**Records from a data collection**
----------
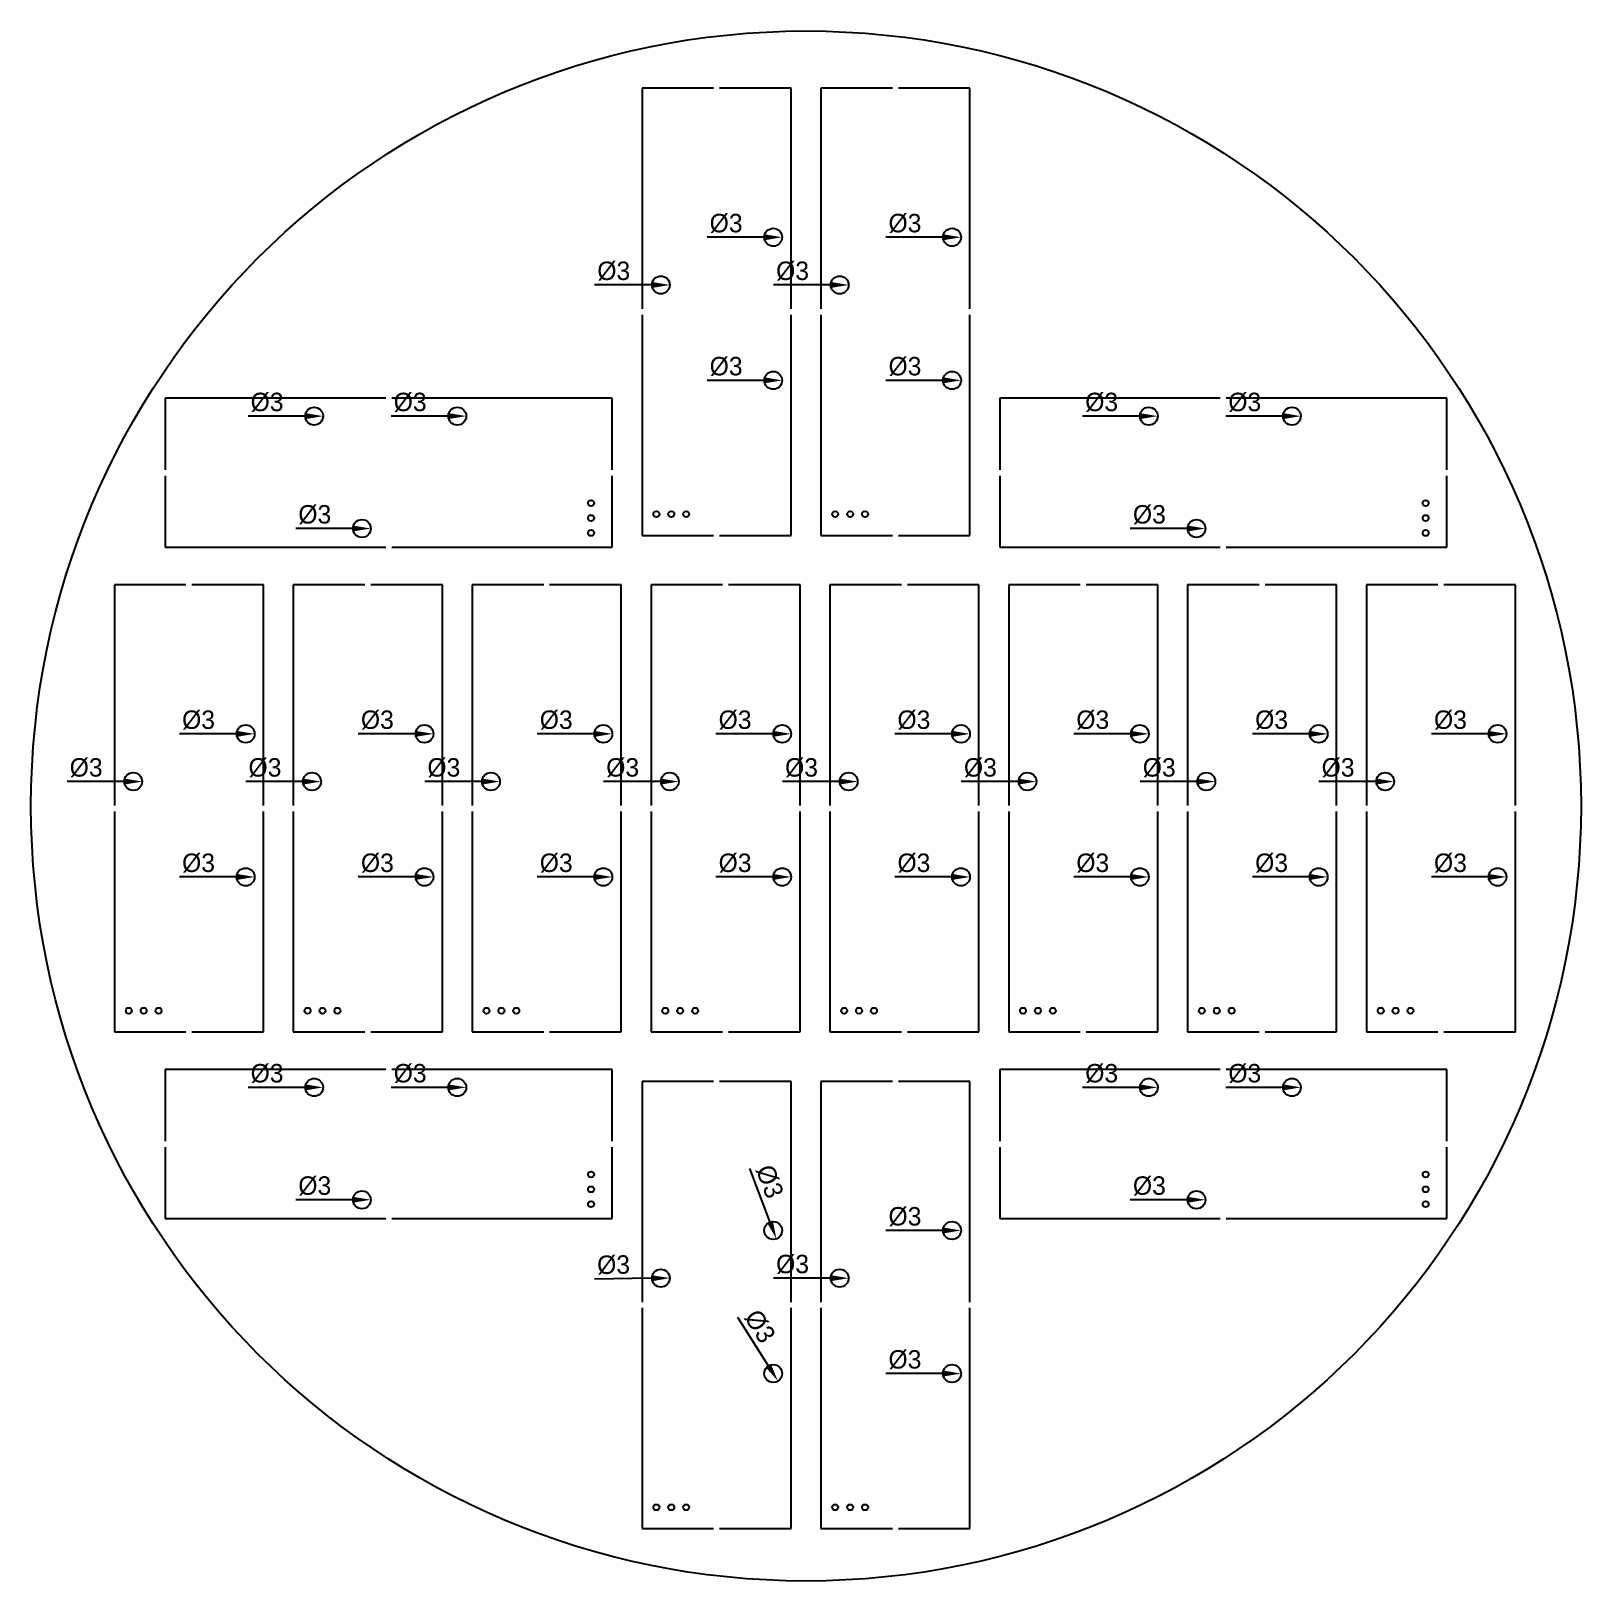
# Model space of a CAD drawing. Header units: millimetres. Extents: x 80 to 340, y 20 to 280.
import ezdxf

# ---------------------------------------------------------------- set-up
doc = ezdxf.new("R2010")
doc.units = ezdxf.units.MM
doc.layers.add('Dimensions', color=7, linetype='Continuous')
doc.layers.add('Sketch 01', color=7, linetype='Continuous')
doc.dimstyles.new('ISO-25', dxfattribs={"dimtxt": 2.5, "dimasz": 2.5, "dimexe": 1.25, "dimexo": 0.625, "dimtad": 1, "dimtxsty": 'Standard', "dimcen": 2.5, "dimadec": 0, "dimazin": 0, "dimtfac": 1, "dimtmove": 0, "dimatfit": 3, "dimfxl": 1, "dimarcsym": 0})

# ---------------------------------------------------------------- blocks, each defined once
blk = doc.blocks.new('*D1')
at = {"layer": 'Defpoints', "color": 0}
for p in [(246.15, 154.1), (249.15, 154.1)]:
    blk.add_point(p, dxfattribs=at)
at = {"layer": 'Dimensions', "color": 140, "lineweight": -2}
blk.add_line((246.05, 154.1), (236.55, 154.1), dxfattribs=at)
at = {"layer": 'Dimensions', "color": 140}
blk.add_solid([(246.05, 153.58), (246.05, 154.62), (249.15, 154.1)], dxfattribs=at)
at = {"layer": 'Dimensions', "color": 140, "insert": (239.75, 156.42), "char_height": 3.095, "attachment_point": 5}
blk.add_mtext('%%c3', dxfattribs=at)
blk = doc.blocks.new('*D2')
at = {"layer": 'Defpoints', "color": 0}
for p in [(204.47, 80.2), (205.53, 77.4)]:
    blk.add_point(p, dxfattribs=at)
at = {"layer": 'Dimensions', "color": 140, "lineweight": -2}
blk.add_line((204.44, 80.29), (201.1, 89.19), dxfattribs=at)
at = {"layer": 'Dimensions', "color": 140}
blk.add_solid([(203.96, 80.11), (204.92, 80.47), (205.53, 77.4)], dxfattribs=at)
at = {"layer": 'Dimensions', "color": 140, "insert": (204.4, 87.01), "char_height": 3.095, "attachment_point": 5, "rotation": 290.5692}
blk.add_mtext('%%c3', dxfattribs=at)
blk = doc.blocks.new('*D3')
at = {"layer": 'Defpoints', "color": 0}
for p in [(115, 138.1), (118, 138.1)]:
    blk.add_point(p, dxfattribs=at)
at = {"layer": 'Dimensions', "color": 140, "lineweight": -2}
blk.add_line((114.9, 138.1), (105.4, 138.1), dxfattribs=at)
at = {"layer": 'Dimensions', "color": 140}
blk.add_solid([(114.9, 137.58), (114.9, 138.62), (118, 138.1)], dxfattribs=at)
at = {"layer": 'Dimensions', "color": 140, "insert": (108.6, 140.42), "char_height": 3.095, "attachment_point": 5}
blk.add_mtext('%%c3', dxfattribs=at)
blk = doc.blocks.new('*D4')
at = {"layer": 'Defpoints', "color": 0}
for p in [(134.5, 196.55), (137.5, 196.55)]:
    blk.add_point(p, dxfattribs=at)
at = {"layer": 'Dimensions', "color": 140, "lineweight": -2}
blk.add_line((134.4, 196.55), (124.9, 196.55), dxfattribs=at)
at = {"layer": 'Dimensions', "color": 140}
blk.add_solid([(134.4, 196.03), (134.4, 197.06), (137.5, 196.55)], dxfattribs=at)
at = {"layer": 'Dimensions', "color": 140, "insert": (128.1, 198.87), "char_height": 3.095, "attachment_point": 5}
blk.add_mtext('%%c3', dxfattribs=at)
blk = doc.blocks.new('*D5')
at = {"layer": 'Defpoints', "color": 0}
for p in [(184.65, 237.4), (187.65, 237.4)]:
    blk.add_point(p, dxfattribs=at)
at = {"layer": 'Dimensions', "color": 140, "lineweight": -2}
blk.add_line((184.55, 237.4), (175.05, 237.4), dxfattribs=at)
at = {"layer": 'Dimensions', "color": 140}
blk.add_solid([(184.55, 236.88), (184.55, 237.92), (187.65, 237.4)], dxfattribs=at)
at = {"layer": 'Dimensions', "color": 140, "insert": (178.25, 239.72), "char_height": 3.095, "attachment_point": 5}
blk.add_mtext('%%c3', dxfattribs=at)
blk = doc.blocks.new('*D6')
at = {"layer": 'Defpoints', "color": 0}
for p in [(276.15, 154.1), (279.15, 154.1)]:
    blk.add_point(p, dxfattribs=at)
at = {"layer": 'Dimensions', "color": 140, "lineweight": -2}
blk.add_line((276.05, 154.1), (266.55, 154.1), dxfattribs=at)
at = {"layer": 'Dimensions', "color": 140}
blk.add_solid([(276.05, 153.58), (276.05, 154.62), (279.15, 154.1)], dxfattribs=at)
at = {"layer": 'Dimensions', "color": 140, "insert": (269.75, 156.42), "char_height": 3.095, "attachment_point": 5}
blk.add_mtext('%%c3', dxfattribs=at)
blk = doc.blocks.new('*D7')
at = {"layer": 'Defpoints', "color": 0}
for p in [(235, 138.1), (238, 138.1)]:
    blk.add_point(p, dxfattribs=at)
at = {"layer": 'Dimensions', "color": 140, "lineweight": -2}
blk.add_line((234.9, 138.1), (225.4, 138.1), dxfattribs=at)
at = {"layer": 'Dimensions', "color": 140}
blk.add_solid([(234.9, 137.58), (234.9, 138.62), (238, 138.1)], dxfattribs=at)
at = {"layer": 'Dimensions', "color": 140, "insert": (228.6, 140.42), "char_height": 3.095, "attachment_point": 5}
blk.add_mtext('%%c3', dxfattribs=at)
blk = doc.blocks.new('*D8')
at = {"layer": 'Defpoints', "color": 0}
for p in [(233.5, 221.4), (236.5, 221.4)]:
    blk.add_point(p, dxfattribs=at)
at = {"layer": 'Dimensions', "color": 140, "lineweight": -2}
blk.add_line((233.4, 221.4), (223.9, 221.4), dxfattribs=at)
at = {"layer": 'Dimensions', "color": 140}
blk.add_solid([(233.4, 220.88), (233.4, 221.92), (236.5, 221.4)], dxfattribs=at)
at = {"layer": 'Dimensions', "color": 140, "insert": (227.1, 223.72), "char_height": 3.095, "attachment_point": 5}
blk.add_mtext('%%c3', dxfattribs=at)
blk = doc.blocks.new('*D9')
at = {"layer": 'Defpoints', "color": 0}
for p in [(184.65, 70.78), (187.65, 70.82)]:
    blk.add_point(p, dxfattribs=at)
at = {"layer": 'Dimensions', "color": 140, "lineweight": -2}
blk.add_line((184.55, 70.78), (175.05, 70.65), dxfattribs=at)
at = {"layer": 'Dimensions', "color": 140}
blk.add_solid([(184.56, 70.26), (184.55, 71.29), (187.65, 70.82)], dxfattribs=at)
at = {"layer": 'Dimensions', "color": 140, "insert": (178.22, 73.01), "char_height": 3.095, "attachment_point": 5, "rotation": 0.7761}
blk.add_mtext('%%c3', dxfattribs=at)
blk = doc.blocks.new('*D10')
at = {"layer": 'Defpoints', "color": 0}
for p in [(204.2, 56.07), (205.8, 53.53)]:
    blk.add_point(p, dxfattribs=at)
at = {"layer": 'Dimensions', "color": 140, "lineweight": -2}
blk.add_line((204.15, 56.15), (199.09, 64.2), dxfattribs=at)
at = {"layer": 'Dimensions', "color": 140}
blk.add_solid([(203.71, 55.88), (204.59, 56.43), (205.8, 53.53)], dxfattribs=at)
at = {"layer": 'Dimensions', "color": 140, "insert": (202.76, 62.72), "char_height": 3.095, "attachment_point": 5, "rotation": 302.1602}
blk.add_mtext('%%c3', dxfattribs=at)
blk = doc.blocks.new('*D11')
at = {"layer": 'Defpoints', "color": 0}
for p in [(233.5, 78.8), (236.5, 78.8)]:
    blk.add_point(p, dxfattribs=at)
at = {"layer": 'Dimensions', "color": 140, "lineweight": -2}
blk.add_line((233.4, 78.8), (223.9, 78.8), dxfattribs=at)
at = {"layer": 'Dimensions', "color": 140}
blk.add_solid([(233.4, 78.28), (233.4, 79.32), (236.5, 78.8)], dxfattribs=at)
at = {"layer": 'Dimensions', "color": 140, "insert": (227.1, 81.12), "char_height": 3.095, "attachment_point": 5}
blk.add_mtext('%%c3', dxfattribs=at)
blk = doc.blocks.new('*D12')
at = {"layer": 'Defpoints', "color": 0}
for p in [(233.5, 54.8), (236.5, 54.8)]:
    blk.add_point(p, dxfattribs=at)
at = {"layer": 'Dimensions', "color": 140, "lineweight": -2}
blk.add_line((233.4, 54.8), (223.9, 54.8), dxfattribs=at)
at = {"layer": 'Dimensions', "color": 140}
blk.add_solid([(233.4, 54.28), (233.4, 55.32), (236.5, 54.8)], dxfattribs=at)
at = {"layer": 'Dimensions', "color": 140, "insert": (227.1, 57.12), "char_height": 3.095, "attachment_point": 5}
blk.add_mtext('%%c3', dxfattribs=at)
blk = doc.blocks.new('*D13')
at = {"layer": 'Defpoints', "color": 0}
for p in [(203.5, 245.4), (206.5, 245.4)]:
    blk.add_point(p, dxfattribs=at)
at = {"layer": 'Dimensions', "color": 140, "lineweight": -2}
blk.add_line((203.4, 245.4), (193.9, 245.4), dxfattribs=at)
at = {"layer": 'Dimensions', "color": 140}
blk.add_solid([(203.4, 244.88), (203.4, 245.92), (206.5, 245.4)], dxfattribs=at)
at = {"layer": 'Dimensions', "color": 140, "insert": (197.1, 247.72), "char_height": 3.095, "attachment_point": 5}
blk.add_mtext('%%c3', dxfattribs=at)
blk = doc.blocks.new('*D14')
at = {"layer": 'Defpoints', "color": 0}
for p in [(325, 138.1), (328, 138.1)]:
    blk.add_point(p, dxfattribs=at)
at = {"layer": 'Dimensions', "color": 140, "lineweight": -2}
blk.add_line((324.9, 138.1), (315.4, 138.1), dxfattribs=at)
at = {"layer": 'Dimensions', "color": 140}
blk.add_solid([(324.9, 137.58), (324.9, 138.62), (328, 138.1)], dxfattribs=at)
at = {"layer": 'Dimensions', "color": 140, "insert": (318.6, 140.42), "char_height": 3.095, "attachment_point": 5}
blk.add_mtext('%%c3', dxfattribs=at)
blk = doc.blocks.new('*D15')
at = {"layer": 'Defpoints', "color": 0}
for p in [(214.65, 70.8), (217.65, 70.8)]:
    blk.add_point(p, dxfattribs=at)
at = {"layer": 'Dimensions', "color": 140, "lineweight": -2}
blk.add_line((214.55, 70.8), (205.05, 70.8), dxfattribs=at)
at = {"layer": 'Dimensions', "color": 140}
blk.add_solid([(214.55, 70.28), (214.55, 71.32), (217.65, 70.8)], dxfattribs=at)
at = {"layer": 'Dimensions', "color": 140, "insert": (208.25, 73.12), "char_height": 3.095, "attachment_point": 5}
blk.add_mtext('%%c3', dxfattribs=at)
blk = doc.blocks.new('*D16')
at = {"layer": 'Defpoints', "color": 0}
for p in [(266.5, 102.8), (269.5, 102.8)]:
    blk.add_point(p, dxfattribs=at)
at = {"layer": 'Dimensions', "color": 140, "lineweight": -2}
blk.add_line((266.4, 102.8), (256.9, 102.8), dxfattribs=at)
at = {"layer": 'Dimensions', "color": 140}
blk.add_solid([(266.4, 102.28), (266.4, 103.32), (269.5, 102.8)], dxfattribs=at)
at = {"layer": 'Dimensions', "color": 140, "insert": (260.1, 105.12), "char_height": 3.095, "attachment_point": 5}
blk.add_mtext('%%c3', dxfattribs=at)
blk = doc.blocks.new('*D17')
at = {"layer": 'Defpoints', "color": 0}
for p in [(156.15, 154.1), (159.15, 154.1)]:
    blk.add_point(p, dxfattribs=at)
at = {"layer": 'Dimensions', "color": 140, "lineweight": -2}
blk.add_line((156.05, 154.1), (146.55, 154.1), dxfattribs=at)
at = {"layer": 'Dimensions', "color": 140}
blk.add_solid([(156.05, 153.58), (156.05, 154.62), (159.15, 154.1)], dxfattribs=at)
at = {"layer": 'Dimensions', "color": 140, "insert": (149.75, 156.42), "char_height": 3.095, "attachment_point": 5}
blk.add_mtext('%%c3', dxfattribs=at)
blk = doc.blocks.new('*D18')
at = {"layer": 'Defpoints', "color": 0}
for p in [(96.15, 154.1), (99.15, 154.1)]:
    blk.add_point(p, dxfattribs=at)
at = {"layer": 'Dimensions', "color": 140, "lineweight": -2}
blk.add_line((96.05, 154.1), (86.55, 154.1), dxfattribs=at)
at = {"layer": 'Dimensions', "color": 140}
blk.add_solid([(96.05, 153.58), (96.05, 154.62), (99.15, 154.1)], dxfattribs=at)
at = {"layer": 'Dimensions', "color": 140, "insert": (89.75, 156.42), "char_height": 3.095, "attachment_point": 5}
blk.add_mtext('%%c3', dxfattribs=at)
blk = doc.blocks.new('*D19')
at = {"layer": 'Defpoints', "color": 0}
for p in [(274.5, 83.95), (277.5, 83.95)]:
    blk.add_point(p, dxfattribs=at)
at = {"layer": 'Dimensions', "color": 140, "lineweight": -2}
blk.add_line((274.4, 83.95), (264.9, 83.95), dxfattribs=at)
at = {"layer": 'Dimensions', "color": 140}
blk.add_solid([(274.4, 83.43), (274.4, 84.46), (277.5, 83.95)], dxfattribs=at)
at = {"layer": 'Dimensions', "color": 140, "insert": (268.1, 86.27), "char_height": 3.095, "attachment_point": 5}
blk.add_mtext('%%c3', dxfattribs=at)
blk = doc.blocks.new('*D20')
at = {"layer": 'Defpoints', "color": 0}
for p in [(214.65, 237.4), (217.65, 237.4)]:
    blk.add_point(p, dxfattribs=at)
at = {"layer": 'Dimensions', "color": 140, "lineweight": -2}
blk.add_line((214.55, 237.4), (205.05, 237.4), dxfattribs=at)
at = {"layer": 'Dimensions', "color": 140}
blk.add_solid([(214.55, 236.88), (214.55, 237.92), (217.65, 237.4)], dxfattribs=at)
at = {"layer": 'Dimensions', "color": 140, "insert": (208.25, 239.72), "char_height": 3.095, "attachment_point": 5}
blk.add_mtext('%%c3', dxfattribs=at)
blk = doc.blocks.new('*D21')
at = {"layer": 'Defpoints', "color": 0}
for p in [(126.15, 154.1), (129.15, 154.1)]:
    blk.add_point(p, dxfattribs=at)
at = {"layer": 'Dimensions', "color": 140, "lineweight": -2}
----------
**EXERCISE**
Beginning with the first entry above, reproduce every line verbatim until the line with "doc.layers.add('Sketch 01', color=7, linetype='Continuous')", which is included too; omit pictures.

**SOLUTION TO THE EXERCISE**
# Model space of a CAD drawing. Header units: millimetres. Extents: x 80 to 340, y 20 to 280.
import ezdxf

# ---------------------------------------------------------------- set-up
doc = ezdxf.new("R2010")
doc.units = ezdxf.units.MM
doc.layers.add('Dimensions', color=7, linetype='Continuous')
doc.layers.add('Sketch 01', color=7, linetype='Continuous')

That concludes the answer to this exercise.